* **WHAT YOU SHOULD DO**: Go through the listing and set it down exactly, leaving out its pictures.

* **RECORDS SUPPLIED**:
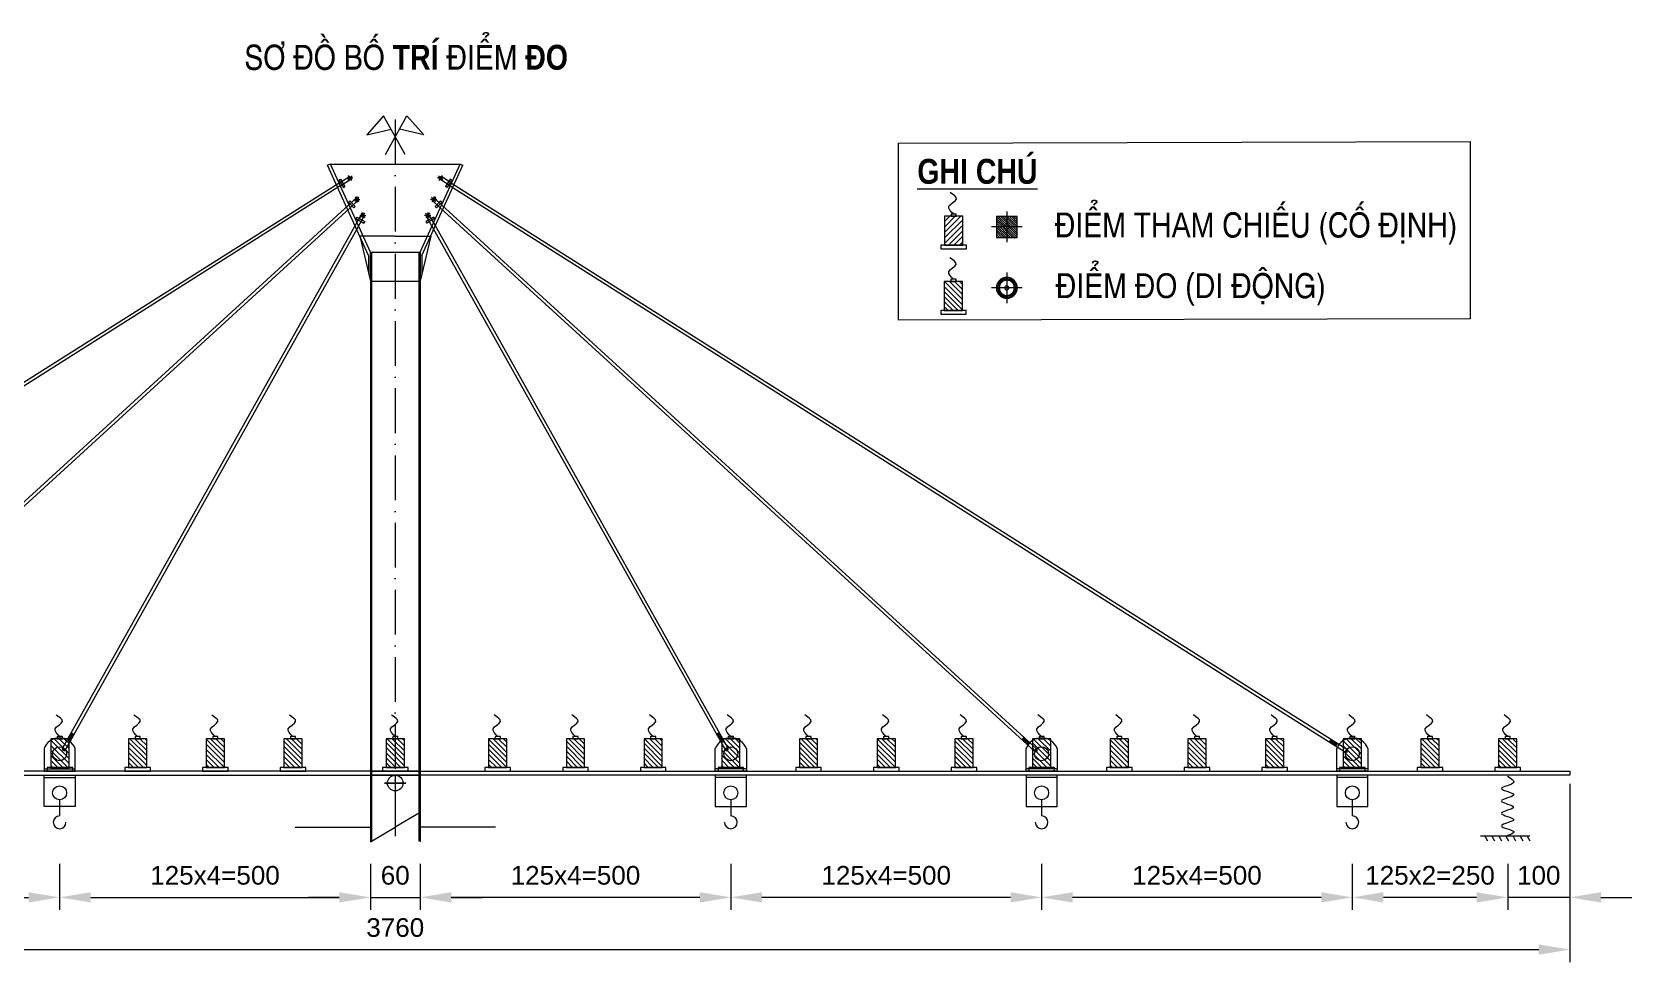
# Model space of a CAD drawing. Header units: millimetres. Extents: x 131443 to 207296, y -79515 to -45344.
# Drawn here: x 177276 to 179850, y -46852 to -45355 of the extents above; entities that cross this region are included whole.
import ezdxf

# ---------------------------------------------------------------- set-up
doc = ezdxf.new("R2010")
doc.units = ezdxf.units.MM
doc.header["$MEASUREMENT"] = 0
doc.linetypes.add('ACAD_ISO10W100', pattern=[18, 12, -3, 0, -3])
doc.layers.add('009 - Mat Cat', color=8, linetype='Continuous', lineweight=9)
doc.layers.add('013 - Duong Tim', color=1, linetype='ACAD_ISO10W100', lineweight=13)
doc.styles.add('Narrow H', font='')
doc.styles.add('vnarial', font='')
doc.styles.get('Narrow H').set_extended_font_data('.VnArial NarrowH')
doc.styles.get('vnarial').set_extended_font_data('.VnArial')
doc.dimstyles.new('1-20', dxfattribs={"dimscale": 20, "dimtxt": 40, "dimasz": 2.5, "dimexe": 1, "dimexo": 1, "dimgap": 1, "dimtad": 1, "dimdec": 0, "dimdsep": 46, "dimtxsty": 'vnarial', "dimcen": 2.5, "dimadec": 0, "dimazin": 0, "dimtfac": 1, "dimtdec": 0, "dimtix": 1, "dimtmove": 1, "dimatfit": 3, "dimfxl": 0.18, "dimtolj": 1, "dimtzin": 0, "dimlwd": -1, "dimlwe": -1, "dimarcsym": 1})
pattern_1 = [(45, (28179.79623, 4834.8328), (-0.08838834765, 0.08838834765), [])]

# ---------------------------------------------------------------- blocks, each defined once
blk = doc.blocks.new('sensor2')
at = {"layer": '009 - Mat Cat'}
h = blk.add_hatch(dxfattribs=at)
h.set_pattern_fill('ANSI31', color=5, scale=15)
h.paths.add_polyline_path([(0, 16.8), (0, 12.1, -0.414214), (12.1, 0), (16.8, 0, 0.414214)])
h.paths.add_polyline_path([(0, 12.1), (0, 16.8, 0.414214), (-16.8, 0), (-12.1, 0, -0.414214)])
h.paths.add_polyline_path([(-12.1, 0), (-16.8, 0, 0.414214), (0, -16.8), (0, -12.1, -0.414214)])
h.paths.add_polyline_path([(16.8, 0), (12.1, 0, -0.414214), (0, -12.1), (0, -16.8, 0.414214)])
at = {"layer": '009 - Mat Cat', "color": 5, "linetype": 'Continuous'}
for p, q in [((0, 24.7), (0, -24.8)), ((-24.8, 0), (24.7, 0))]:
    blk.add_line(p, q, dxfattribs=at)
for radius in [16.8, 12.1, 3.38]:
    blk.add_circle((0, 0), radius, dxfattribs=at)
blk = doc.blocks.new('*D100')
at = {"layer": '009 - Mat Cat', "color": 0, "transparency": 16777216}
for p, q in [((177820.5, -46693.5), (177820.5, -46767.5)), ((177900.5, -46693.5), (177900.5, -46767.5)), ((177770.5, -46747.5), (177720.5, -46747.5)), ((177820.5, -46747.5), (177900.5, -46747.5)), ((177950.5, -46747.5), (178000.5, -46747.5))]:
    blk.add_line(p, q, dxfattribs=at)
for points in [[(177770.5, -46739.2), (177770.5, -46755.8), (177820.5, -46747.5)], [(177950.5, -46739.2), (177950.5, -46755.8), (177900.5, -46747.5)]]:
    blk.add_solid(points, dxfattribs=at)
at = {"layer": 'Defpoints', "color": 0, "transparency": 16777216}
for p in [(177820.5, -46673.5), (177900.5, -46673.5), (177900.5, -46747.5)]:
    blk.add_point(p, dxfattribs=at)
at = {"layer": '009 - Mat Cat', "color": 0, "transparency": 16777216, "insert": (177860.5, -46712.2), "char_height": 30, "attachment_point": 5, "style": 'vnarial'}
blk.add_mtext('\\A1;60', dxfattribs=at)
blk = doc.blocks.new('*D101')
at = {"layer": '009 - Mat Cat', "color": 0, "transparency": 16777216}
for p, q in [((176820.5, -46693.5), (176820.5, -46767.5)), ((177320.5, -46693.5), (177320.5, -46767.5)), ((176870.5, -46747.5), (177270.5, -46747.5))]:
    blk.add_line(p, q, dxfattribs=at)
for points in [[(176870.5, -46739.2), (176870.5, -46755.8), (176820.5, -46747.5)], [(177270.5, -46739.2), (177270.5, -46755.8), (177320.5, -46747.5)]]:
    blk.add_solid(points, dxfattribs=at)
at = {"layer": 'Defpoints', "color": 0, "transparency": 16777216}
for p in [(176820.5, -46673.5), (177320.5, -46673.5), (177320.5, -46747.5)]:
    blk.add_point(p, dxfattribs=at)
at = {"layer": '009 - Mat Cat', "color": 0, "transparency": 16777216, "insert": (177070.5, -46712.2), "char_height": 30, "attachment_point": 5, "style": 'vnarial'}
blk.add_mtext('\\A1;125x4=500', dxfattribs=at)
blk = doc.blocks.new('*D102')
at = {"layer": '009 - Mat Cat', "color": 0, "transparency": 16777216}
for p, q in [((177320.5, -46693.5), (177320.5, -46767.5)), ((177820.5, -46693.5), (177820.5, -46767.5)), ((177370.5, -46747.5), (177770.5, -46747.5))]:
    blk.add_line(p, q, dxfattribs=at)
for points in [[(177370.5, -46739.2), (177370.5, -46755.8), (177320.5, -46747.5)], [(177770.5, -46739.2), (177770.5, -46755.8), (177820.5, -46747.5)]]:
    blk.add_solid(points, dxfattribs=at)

* **RESULT**:
# Model space of a CAD drawing. Header units: millimetres. Extents: x 131443 to 207296, y -79515 to -45344.
# Drawn here: x 177276 to 179850, y -46852 to -45355 of the extents above; entities that cross this region are included whole.
import ezdxf

# ---------------------------------------------------------------- set-up
doc = ezdxf.new("R2010")
doc.units = ezdxf.units.MM
doc.header["$MEASUREMENT"] = 0
doc.linetypes.add('ACAD_ISO10W100', pattern=[18, 12, -3, 0, -3])
doc.layers.add('009 - Mat Cat', color=8, linetype='Continuous', lineweight=9)
doc.layers.add('013 - Duong Tim', color=1, linetype='ACAD_ISO10W100', lineweight=13)
doc.styles.add('Narrow H', font='')
doc.styles.add('vnarial', font='')
doc.styles.get('Narrow H').set_extended_font_data('.VnArial NarrowH')
doc.styles.get('vnarial').set_extended_font_data('.VnArial')
doc.dimstyles.new('1-20', dxfattribs={"dimscale": 20, "dimtxt": 40, "dimasz": 2.5, "dimexe": 1, "dimexo": 1, "dimgap": 1, "dimtad": 1, "dimdec": 0, "dimdsep": 46, "dimtxsty": 'vnarial', "dimcen": 2.5, "dimadec": 0, "dimazin": 0, "dimtfac": 1, "dimtdec": 0, "dimtix": 1, "dimtmove": 1, "dimatfit": 3, "dimfxl": 0.18, "dimtolj": 1, "dimtzin": 0, "dimlwd": -1, "dimlwe": -1, "dimarcsym": 1})
pattern_1 = [(45, (28179.79623, 4834.8328), (-0.08838834765, 0.08838834765), [])]

# ---------------------------------------------------------------- blocks, each defined once
blk = doc.blocks.new('sensor2')
at = {"layer": '009 - Mat Cat'}
h = blk.add_hatch(dxfattribs=at)
h.set_pattern_fill('ANSI31', color=5, scale=15)
h.paths.add_polyline_path([(0, 16.8), (0, 12.1, -0.414214), (12.1, 0), (16.8, 0, 0.414214)])
h.paths.add_polyline_path([(0, 12.1), (0, 16.8, 0.414214), (-16.8, 0), (-12.1, 0, -0.414214)])
h.paths.add_polyline_path([(-12.1, 0), (-16.8, 0, 0.414214), (0, -16.8), (0, -12.1, -0.414214)])
h.paths.add_polyline_path([(16.8, 0), (12.1, 0, -0.414214), (0, -12.1), (0, -16.8, 0.414214)])
at = {"layer": '009 - Mat Cat', "color": 5, "linetype": 'Continuous'}
for p, q in [((0, 24.7), (0, -24.8)), ((-24.8, 0), (24.7, 0))]:
    blk.add_line(p, q, dxfattribs=at)
for radius in [16.8, 12.1, 3.38]:
    blk.add_circle((0, 0), radius, dxfattribs=at)
blk = doc.blocks.new('*D100')
at = {"layer": '009 - Mat Cat', "color": 0, "transparency": 16777216}
for p, q in [((177820.5, -46693.5), (177820.5, -46767.5)), ((177900.5, -46693.5), (177900.5, -46767.5)), ((177770.5, -46747.5), (177720.5, -46747.5)), ((177820.5, -46747.5), (177900.5, -46747.5)), ((177950.5, -46747.5), (178000.5, -46747.5))]:
    blk.add_line(p, q, dxfattribs=at)
for points in [[(177770.5, -46739.2), (177770.5, -46755.8), (177820.5, -46747.5)], [(177950.5, -46739.2), (177950.5, -46755.8), (177900.5, -46747.5)]]:
    blk.add_solid(points, dxfattribs=at)
at = {"layer": 'Defpoints', "color": 0, "transparency": 16777216}
for p in [(177820.5, -46673.5), (177900.5, -46673.5), (177900.5, -46747.5)]:
    blk.add_point(p, dxfattribs=at)
at = {"layer": '009 - Mat Cat', "color": 0, "transparency": 16777216, "insert": (177860.5, -46712.2), "char_height": 30, "attachment_point": 5, "style": 'vnarial'}
blk.add_mtext('\\A1;60', dxfattribs=at)
blk = doc.blocks.new('*D101')
at = {"layer": '009 - Mat Cat', "color": 0, "transparency": 16777216}
for p, q in [((176820.5, -46693.5), (176820.5, -46767.5)), ((177320.5, -46693.5), (177320.5, -46767.5)), ((176870.5, -46747.5), (177270.5, -46747.5))]:
    blk.add_line(p, q, dxfattribs=at)
for points in [[(176870.5, -46739.2), (176870.5, -46755.8), (176820.5, -46747.5)], [(177270.5, -46739.2), (177270.5, -46755.8), (177320.5, -46747.5)]]:
    blk.add_solid(points, dxfattribs=at)
at = {"layer": 'Defpoints', "color": 0, "transparency": 16777216}
for p in [(176820.5, -46673.5), (177320.5, -46673.5), (177320.5, -46747.5)]:
    blk.add_point(p, dxfattribs=at)
at = {"layer": '009 - Mat Cat', "color": 0, "transparency": 16777216, "insert": (177070.5, -46712.2), "char_height": 30, "attachment_point": 5, "style": 'vnarial'}
blk.add_mtext('\\A1;125x4=500', dxfattribs=at)
blk = doc.blocks.new('*D102')
at = {"layer": '009 - Mat Cat', "color": 0, "transparency": 16777216}
for p, q in [((177320.5, -46693.5), (177320.5, -46767.5)), ((177820.5, -46693.5), (177820.5, -46767.5)), ((177370.5, -46747.5), (177770.5, -46747.5))]:
    blk.add_line(p, q, dxfattribs=at)
for points in [[(177370.5, -46739.2), (177370.5, -46755.8), (177320.5, -46747.5)], [(177770.5, -46739.2), (177770.5, -46755.8), (177820.5, -46747.5)]]:
    blk.add_solid(points, dxfattribs=at)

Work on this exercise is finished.